• Problem description:
The reply should repeat all of the data word for word, with no pictures.

• Extracted entries:
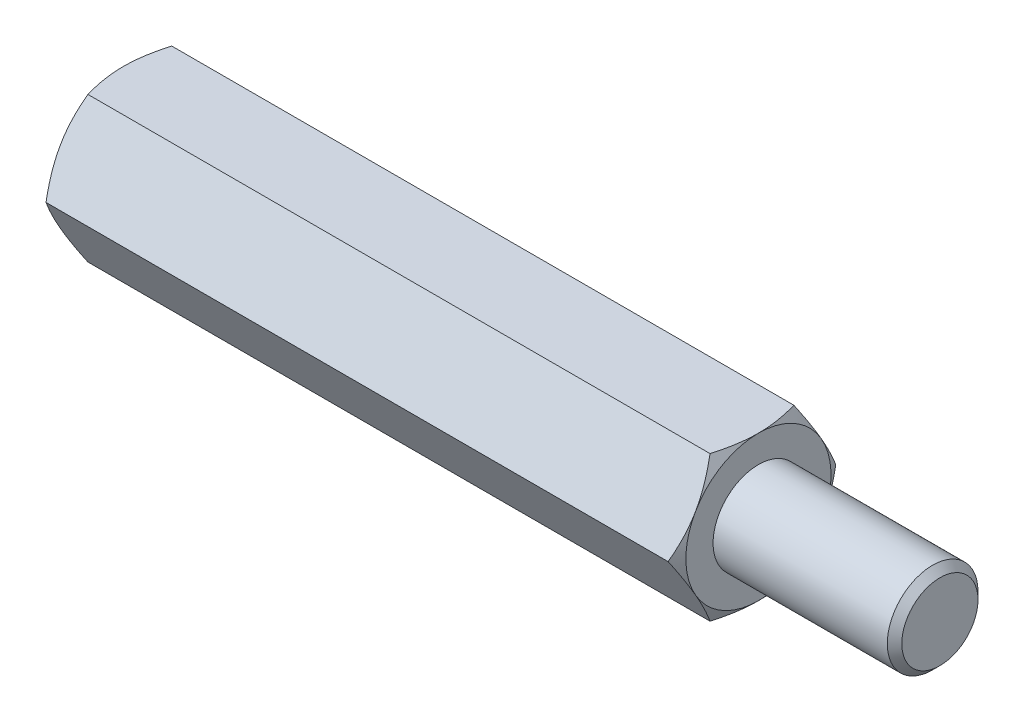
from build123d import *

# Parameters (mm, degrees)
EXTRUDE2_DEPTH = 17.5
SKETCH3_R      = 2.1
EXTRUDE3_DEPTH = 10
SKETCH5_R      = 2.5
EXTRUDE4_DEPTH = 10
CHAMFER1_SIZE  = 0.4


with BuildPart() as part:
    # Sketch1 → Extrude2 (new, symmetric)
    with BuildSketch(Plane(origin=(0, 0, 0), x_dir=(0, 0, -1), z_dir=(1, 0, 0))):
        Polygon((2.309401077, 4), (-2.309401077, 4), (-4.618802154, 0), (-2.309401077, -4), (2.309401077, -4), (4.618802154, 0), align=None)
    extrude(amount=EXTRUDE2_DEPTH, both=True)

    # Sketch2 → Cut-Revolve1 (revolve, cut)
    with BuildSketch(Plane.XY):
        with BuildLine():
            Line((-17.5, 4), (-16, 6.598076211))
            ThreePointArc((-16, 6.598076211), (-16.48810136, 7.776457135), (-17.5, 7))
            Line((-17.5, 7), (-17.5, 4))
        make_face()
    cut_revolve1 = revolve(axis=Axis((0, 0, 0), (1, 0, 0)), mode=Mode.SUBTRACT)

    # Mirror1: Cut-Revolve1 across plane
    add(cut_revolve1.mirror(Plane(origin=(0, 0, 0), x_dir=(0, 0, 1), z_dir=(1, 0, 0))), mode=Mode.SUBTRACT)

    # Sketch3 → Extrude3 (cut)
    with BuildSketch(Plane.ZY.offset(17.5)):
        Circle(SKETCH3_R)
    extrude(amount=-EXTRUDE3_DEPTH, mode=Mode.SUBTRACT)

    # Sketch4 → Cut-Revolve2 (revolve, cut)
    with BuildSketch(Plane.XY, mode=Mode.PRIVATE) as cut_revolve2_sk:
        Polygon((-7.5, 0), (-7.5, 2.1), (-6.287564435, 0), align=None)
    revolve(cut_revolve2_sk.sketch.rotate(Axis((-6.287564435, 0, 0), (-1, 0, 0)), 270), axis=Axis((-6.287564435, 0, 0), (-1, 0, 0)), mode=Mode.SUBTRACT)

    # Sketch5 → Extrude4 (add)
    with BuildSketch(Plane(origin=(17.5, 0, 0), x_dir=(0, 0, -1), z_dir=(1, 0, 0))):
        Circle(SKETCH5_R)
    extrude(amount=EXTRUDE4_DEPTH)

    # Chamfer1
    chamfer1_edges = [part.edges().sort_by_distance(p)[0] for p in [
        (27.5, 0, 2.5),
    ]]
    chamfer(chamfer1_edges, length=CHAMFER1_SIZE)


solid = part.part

• Written response:
from build123d import *

# Parameters (mm, degrees)
EXTRUDE2_DEPTH = 17.5
SKETCH3_R      = 2.1
EXTRUDE3_DEPTH = 10
SKETCH5_R      = 2.5
EXTRUDE4_DEPTH = 10
CHAMFER1_SIZE  = 0.4


with BuildPart() as part:
    # Sketch1 → Extrude2 (new, symmetric)
    with BuildSketch(Plane(origin=(0, 0, 0), x_dir=(0, 0, -1), z_dir=(1, 0, 0))):
        Polygon((2.309401077, 4), (-2.309401077, 4), (-4.618802154, 0), (-2.309401077, -4), (2.309401077, -4), (4.618802154, 0), align=None)
    extrude(amount=EXTRUDE2_DEPTH, both=True)

    # Sketch2 → Cut-Revolve1 (revolve, cut)
    with BuildSketch(Plane.XY):
        with BuildLine():
            Line((-17.5, 4), (-16, 6.598076211))
            ThreePointArc((-16, 6.598076211), (-16.48810136, 7.776457135), (-17.5, 7))
            Line((-17.5, 7), (-17.5, 4))
        make_face()
    cut_revolve1 = revolve(axis=Axis((0, 0, 0), (1, 0, 0)), mode=Mode.SUBTRACT)

    # Mirror1: Cut-Revolve1 across plane
    add(cut_revolve1.mirror(Plane(origin=(0, 0, 0), x_dir=(0, 0, 1), z_dir=(1, 0, 0))), mode=Mode.SUBTRACT)

    # Sketch3 → Extrude3 (cut)
    with BuildSketch(Plane.ZY.offset(17.5)):
        Circle(SKETCH3_R)
    extrude(amount=-EXTRUDE3_DEPTH, mode=Mode.SUBTRACT)

    # Sketch4 → Cut-Revolve2 (revolve, cut)
    with BuildSketch(Plane.XY, mode=Mode.PRIVATE) as cut_revolve2_sk:
        Polygon((-7.5, 0), (-7.5, 2.1), (-6.287564435, 0), align=None)
    revolve(cut_revolve2_sk.sketch.rotate(Axis((-6.287564435, 0, 0), (-1, 0, 0)), 270), axis=Axis((-6.287564435, 0, 0), (-1, 0, 0)), mode=Mode.SUBTRACT)

    # Sketch5 → Extrude4 (add)
    with BuildSketch(Plane(origin=(17.5, 0, 0), x_dir=(0, 0, -1), z_dir=(1, 0, 0))):
        Circle(SKETCH5_R)
    extrude(amount=EXTRUDE4_DEPTH)

    # Chamfer1
    chamfer1_edges = [part.edges().sort_by_distance(p)[0] for p in [
        (27.5, 0, 2.5),
    ]]
    chamfer(chamfer1_edges, length=CHAMFER1_SIZE)


solid = part.part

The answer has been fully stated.